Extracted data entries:
+===+

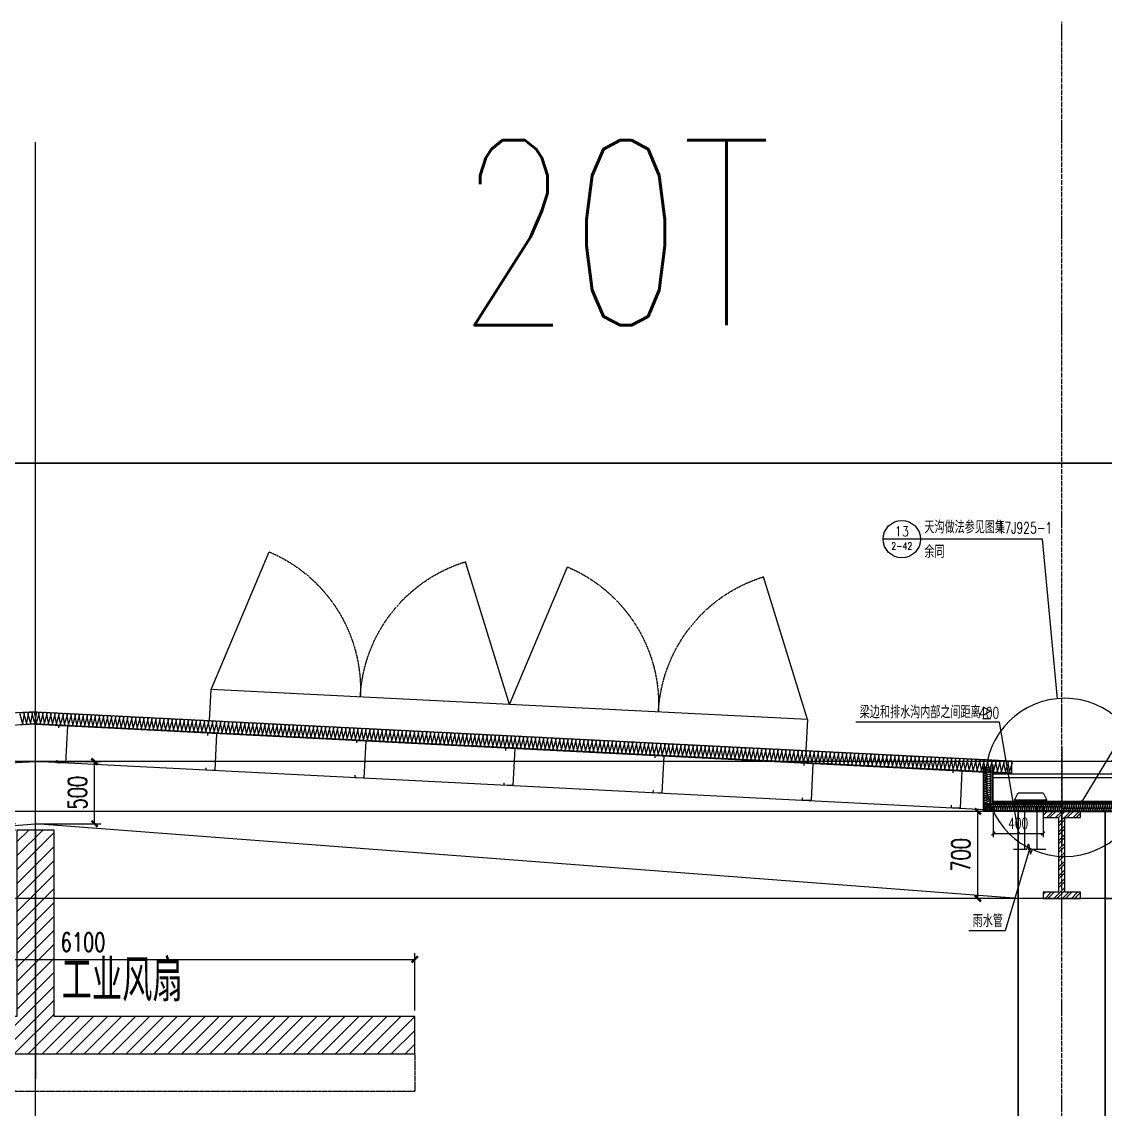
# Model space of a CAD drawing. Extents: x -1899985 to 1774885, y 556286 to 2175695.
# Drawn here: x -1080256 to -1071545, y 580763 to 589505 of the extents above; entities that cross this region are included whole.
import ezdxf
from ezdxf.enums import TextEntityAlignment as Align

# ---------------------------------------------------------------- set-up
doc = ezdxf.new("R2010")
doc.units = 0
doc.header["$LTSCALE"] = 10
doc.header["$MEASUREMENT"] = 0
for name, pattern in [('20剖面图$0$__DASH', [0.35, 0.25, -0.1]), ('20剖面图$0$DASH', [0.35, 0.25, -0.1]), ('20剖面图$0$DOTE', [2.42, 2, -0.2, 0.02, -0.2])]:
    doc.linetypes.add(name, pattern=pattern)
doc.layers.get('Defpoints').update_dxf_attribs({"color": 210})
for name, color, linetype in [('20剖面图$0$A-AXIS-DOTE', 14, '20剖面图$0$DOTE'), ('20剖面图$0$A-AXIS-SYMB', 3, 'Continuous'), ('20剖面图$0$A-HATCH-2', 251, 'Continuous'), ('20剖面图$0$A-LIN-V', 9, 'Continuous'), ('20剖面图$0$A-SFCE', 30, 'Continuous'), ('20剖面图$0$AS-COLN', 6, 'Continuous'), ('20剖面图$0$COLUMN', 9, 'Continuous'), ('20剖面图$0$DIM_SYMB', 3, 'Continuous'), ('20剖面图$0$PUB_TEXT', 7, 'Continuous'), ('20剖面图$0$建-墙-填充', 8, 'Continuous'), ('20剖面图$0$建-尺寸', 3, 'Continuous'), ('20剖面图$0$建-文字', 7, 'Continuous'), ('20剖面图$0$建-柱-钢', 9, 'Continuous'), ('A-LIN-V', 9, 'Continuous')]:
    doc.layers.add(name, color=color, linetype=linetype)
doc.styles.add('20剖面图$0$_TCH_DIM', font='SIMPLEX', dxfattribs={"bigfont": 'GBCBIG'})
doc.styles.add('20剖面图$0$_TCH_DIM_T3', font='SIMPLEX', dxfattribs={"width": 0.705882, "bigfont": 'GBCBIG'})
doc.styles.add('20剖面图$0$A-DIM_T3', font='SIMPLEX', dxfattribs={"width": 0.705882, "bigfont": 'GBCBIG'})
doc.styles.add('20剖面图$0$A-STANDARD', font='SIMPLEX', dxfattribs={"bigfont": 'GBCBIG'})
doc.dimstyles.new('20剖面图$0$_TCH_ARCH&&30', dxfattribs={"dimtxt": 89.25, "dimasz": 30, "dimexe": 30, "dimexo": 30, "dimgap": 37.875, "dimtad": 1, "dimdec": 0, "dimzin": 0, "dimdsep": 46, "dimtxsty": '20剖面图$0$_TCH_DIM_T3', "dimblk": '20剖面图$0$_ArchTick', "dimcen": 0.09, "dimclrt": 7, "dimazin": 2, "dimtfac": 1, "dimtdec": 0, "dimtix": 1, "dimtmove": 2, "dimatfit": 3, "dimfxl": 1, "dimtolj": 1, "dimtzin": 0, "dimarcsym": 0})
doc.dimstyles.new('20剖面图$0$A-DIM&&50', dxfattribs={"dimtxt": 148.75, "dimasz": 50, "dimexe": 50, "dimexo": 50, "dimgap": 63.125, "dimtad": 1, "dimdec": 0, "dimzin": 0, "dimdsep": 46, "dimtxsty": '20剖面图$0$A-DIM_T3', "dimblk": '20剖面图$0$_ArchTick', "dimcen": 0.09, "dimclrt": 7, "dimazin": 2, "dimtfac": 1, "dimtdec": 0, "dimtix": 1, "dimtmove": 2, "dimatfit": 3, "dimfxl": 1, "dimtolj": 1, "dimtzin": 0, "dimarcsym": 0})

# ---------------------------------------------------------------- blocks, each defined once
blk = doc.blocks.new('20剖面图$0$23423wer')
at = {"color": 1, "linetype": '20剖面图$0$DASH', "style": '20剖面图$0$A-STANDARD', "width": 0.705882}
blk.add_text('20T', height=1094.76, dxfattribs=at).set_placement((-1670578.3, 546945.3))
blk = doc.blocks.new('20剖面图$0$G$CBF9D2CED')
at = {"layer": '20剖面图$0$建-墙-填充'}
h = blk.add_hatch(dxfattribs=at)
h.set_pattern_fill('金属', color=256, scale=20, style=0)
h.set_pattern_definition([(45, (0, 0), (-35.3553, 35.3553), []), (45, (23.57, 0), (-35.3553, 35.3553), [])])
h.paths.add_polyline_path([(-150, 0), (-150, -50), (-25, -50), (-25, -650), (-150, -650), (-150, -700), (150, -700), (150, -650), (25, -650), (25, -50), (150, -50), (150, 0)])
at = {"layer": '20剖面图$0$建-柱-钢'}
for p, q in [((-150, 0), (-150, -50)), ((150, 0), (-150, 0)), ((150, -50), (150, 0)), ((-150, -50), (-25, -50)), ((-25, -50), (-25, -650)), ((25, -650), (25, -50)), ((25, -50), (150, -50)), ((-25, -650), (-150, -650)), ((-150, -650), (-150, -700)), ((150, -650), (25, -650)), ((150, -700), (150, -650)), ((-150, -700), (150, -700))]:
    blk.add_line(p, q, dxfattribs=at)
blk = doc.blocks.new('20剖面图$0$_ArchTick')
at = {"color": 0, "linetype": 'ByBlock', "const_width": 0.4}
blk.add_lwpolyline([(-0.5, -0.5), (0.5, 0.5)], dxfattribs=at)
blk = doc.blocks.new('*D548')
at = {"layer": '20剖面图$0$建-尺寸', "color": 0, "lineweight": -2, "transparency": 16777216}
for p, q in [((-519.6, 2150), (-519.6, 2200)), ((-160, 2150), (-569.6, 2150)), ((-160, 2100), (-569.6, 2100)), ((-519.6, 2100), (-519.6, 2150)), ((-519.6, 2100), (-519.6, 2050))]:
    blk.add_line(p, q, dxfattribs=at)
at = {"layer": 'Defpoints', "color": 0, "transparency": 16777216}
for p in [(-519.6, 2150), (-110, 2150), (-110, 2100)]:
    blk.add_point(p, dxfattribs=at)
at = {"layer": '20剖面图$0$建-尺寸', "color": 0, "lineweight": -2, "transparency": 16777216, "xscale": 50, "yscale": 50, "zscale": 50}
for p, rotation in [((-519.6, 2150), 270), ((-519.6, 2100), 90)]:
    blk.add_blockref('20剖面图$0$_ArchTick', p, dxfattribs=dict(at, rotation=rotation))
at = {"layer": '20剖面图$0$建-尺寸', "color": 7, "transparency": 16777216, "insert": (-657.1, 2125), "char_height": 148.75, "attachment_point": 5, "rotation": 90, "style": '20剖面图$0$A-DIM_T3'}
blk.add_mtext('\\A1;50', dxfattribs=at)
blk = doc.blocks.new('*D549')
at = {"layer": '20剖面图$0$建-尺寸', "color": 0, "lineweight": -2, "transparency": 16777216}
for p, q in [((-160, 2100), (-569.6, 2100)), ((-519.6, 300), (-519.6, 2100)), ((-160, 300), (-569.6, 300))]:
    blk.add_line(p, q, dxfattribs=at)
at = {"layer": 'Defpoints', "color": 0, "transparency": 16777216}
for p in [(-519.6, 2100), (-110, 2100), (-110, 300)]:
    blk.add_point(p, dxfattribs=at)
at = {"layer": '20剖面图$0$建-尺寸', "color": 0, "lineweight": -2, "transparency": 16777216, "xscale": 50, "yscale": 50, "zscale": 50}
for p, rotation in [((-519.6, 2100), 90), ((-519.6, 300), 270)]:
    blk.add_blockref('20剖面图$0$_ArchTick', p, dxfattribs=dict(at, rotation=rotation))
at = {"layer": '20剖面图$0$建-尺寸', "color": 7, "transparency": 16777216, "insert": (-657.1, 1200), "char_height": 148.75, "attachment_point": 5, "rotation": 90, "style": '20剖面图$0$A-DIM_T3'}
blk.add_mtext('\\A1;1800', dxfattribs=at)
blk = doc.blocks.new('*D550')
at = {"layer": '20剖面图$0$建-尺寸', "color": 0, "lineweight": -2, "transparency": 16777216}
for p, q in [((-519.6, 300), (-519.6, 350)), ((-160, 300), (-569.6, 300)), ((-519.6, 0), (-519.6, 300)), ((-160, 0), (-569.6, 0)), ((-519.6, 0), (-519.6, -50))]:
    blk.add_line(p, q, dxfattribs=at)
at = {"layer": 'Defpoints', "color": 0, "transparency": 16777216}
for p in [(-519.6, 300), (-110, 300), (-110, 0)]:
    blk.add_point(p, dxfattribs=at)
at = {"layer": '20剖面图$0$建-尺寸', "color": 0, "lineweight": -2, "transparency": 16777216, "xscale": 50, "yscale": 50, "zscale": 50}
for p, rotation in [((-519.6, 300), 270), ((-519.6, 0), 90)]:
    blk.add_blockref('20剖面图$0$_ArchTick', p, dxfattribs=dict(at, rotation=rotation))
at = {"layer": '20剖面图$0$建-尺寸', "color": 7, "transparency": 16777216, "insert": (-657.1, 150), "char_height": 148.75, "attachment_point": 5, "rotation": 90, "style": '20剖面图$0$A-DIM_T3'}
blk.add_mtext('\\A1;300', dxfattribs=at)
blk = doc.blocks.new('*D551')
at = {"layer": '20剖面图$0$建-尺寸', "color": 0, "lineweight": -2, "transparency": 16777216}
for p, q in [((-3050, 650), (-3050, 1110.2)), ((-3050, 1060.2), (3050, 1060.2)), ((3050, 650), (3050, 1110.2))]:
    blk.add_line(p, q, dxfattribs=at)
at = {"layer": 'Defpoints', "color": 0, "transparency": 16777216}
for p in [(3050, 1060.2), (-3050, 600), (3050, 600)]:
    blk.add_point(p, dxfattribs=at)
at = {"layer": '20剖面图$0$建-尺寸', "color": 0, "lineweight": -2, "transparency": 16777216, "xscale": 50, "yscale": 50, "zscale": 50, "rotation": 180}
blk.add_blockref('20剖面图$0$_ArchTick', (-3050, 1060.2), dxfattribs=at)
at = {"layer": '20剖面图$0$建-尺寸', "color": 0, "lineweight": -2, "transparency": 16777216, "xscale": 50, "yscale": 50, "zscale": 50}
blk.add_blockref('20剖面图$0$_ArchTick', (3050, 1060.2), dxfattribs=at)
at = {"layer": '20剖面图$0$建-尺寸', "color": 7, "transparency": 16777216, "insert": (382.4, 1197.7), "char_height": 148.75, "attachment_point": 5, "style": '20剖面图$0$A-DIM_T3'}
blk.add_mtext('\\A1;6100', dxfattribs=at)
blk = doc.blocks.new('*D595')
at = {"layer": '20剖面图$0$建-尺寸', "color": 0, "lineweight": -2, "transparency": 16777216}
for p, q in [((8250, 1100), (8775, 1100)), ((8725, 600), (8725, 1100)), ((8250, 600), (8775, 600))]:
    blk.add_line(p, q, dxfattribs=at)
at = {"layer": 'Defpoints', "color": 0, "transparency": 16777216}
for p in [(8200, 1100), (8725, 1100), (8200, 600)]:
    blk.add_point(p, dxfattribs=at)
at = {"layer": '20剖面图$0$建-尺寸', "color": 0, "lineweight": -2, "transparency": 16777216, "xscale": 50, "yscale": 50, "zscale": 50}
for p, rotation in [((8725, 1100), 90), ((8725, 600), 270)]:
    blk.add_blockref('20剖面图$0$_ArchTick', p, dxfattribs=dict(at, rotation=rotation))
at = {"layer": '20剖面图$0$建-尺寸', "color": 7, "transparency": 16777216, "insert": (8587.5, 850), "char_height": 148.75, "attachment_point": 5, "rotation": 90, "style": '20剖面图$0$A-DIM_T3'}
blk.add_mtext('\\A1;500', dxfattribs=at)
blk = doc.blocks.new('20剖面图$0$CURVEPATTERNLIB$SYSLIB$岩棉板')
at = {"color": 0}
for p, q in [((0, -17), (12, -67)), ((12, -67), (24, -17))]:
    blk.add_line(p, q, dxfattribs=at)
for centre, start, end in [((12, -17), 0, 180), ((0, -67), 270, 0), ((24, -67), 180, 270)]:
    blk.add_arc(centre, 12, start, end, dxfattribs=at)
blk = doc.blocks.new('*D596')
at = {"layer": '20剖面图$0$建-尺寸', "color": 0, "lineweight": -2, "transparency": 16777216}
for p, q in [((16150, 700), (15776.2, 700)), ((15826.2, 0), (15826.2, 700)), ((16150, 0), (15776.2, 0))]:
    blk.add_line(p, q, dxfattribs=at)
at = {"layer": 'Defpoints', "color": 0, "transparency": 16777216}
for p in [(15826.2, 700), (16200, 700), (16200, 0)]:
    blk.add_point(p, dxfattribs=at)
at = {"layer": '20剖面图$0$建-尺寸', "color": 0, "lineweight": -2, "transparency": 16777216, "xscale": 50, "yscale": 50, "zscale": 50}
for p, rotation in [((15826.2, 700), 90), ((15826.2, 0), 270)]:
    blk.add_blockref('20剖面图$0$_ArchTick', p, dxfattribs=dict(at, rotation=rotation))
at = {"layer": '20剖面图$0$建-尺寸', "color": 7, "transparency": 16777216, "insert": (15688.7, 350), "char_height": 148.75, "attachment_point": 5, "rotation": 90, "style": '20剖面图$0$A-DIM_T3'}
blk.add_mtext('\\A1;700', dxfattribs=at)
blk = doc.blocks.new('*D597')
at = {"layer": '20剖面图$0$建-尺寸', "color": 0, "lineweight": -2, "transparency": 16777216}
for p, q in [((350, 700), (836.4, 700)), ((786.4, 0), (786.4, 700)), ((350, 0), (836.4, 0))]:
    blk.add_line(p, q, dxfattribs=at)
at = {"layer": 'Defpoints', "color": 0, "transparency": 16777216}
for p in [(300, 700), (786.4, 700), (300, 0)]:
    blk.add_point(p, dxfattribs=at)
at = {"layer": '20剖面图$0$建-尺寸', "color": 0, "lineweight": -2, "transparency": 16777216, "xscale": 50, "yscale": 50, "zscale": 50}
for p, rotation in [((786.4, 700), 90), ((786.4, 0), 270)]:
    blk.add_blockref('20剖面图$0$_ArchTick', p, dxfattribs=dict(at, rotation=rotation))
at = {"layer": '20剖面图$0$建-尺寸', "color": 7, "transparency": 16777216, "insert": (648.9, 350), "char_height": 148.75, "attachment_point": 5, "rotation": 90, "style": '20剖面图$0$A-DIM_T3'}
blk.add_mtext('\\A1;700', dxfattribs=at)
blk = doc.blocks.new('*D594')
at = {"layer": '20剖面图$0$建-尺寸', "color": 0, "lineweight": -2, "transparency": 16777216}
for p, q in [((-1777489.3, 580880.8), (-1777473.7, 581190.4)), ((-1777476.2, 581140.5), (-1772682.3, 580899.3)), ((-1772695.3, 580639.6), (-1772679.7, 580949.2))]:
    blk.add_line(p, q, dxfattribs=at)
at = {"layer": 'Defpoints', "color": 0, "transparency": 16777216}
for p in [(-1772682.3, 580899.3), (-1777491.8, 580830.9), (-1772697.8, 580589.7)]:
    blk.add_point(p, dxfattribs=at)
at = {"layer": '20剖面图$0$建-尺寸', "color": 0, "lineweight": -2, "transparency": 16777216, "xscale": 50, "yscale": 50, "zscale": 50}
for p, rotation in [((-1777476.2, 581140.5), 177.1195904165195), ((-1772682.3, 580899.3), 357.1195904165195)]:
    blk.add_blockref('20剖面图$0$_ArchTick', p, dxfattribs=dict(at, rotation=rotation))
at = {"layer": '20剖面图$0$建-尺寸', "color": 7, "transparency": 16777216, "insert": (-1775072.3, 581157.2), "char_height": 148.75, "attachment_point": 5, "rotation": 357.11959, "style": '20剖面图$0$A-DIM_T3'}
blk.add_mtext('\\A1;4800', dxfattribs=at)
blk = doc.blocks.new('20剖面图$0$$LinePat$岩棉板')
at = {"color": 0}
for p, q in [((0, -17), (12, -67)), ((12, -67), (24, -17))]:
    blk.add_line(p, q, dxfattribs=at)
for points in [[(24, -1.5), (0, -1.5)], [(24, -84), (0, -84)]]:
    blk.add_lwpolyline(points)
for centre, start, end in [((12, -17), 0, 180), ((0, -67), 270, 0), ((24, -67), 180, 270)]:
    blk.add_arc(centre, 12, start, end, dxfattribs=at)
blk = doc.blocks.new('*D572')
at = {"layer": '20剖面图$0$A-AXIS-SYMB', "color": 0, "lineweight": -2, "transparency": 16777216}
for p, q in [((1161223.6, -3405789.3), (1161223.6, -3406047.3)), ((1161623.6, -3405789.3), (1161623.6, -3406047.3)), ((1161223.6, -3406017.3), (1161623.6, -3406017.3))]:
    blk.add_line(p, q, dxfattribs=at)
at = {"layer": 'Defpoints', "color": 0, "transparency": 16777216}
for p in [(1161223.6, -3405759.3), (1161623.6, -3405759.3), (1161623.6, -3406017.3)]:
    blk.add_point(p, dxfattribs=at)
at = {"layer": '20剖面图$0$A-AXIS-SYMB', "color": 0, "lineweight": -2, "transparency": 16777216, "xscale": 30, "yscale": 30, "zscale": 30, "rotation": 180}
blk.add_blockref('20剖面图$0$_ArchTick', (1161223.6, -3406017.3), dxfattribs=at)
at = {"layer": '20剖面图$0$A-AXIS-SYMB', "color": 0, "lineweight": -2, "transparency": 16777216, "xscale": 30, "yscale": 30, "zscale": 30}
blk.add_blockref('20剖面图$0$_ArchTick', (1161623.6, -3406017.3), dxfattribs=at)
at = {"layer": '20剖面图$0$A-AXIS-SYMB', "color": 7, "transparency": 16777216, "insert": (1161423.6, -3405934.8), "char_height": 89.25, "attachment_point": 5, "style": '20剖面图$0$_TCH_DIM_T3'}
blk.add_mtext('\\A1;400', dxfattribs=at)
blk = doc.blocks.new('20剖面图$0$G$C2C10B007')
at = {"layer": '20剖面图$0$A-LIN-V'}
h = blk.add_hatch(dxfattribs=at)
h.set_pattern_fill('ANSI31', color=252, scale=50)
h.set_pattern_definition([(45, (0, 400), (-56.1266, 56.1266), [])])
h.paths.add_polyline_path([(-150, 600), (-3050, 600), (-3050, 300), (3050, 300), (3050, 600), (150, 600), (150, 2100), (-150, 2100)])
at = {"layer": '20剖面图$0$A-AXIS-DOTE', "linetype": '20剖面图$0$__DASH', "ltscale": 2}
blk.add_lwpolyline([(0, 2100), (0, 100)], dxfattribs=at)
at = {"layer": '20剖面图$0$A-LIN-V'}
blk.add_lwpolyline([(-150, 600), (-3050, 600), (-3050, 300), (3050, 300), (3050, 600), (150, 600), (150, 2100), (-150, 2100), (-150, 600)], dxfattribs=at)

+===+

What is being asked: Pull together all lines from the data that mention the word "layers".

Written solution:
doc.layers.get('Defpoints').update_dxf_attribs({"color": 210})
    doc.layers.add(name, color=color, linetype=linetype)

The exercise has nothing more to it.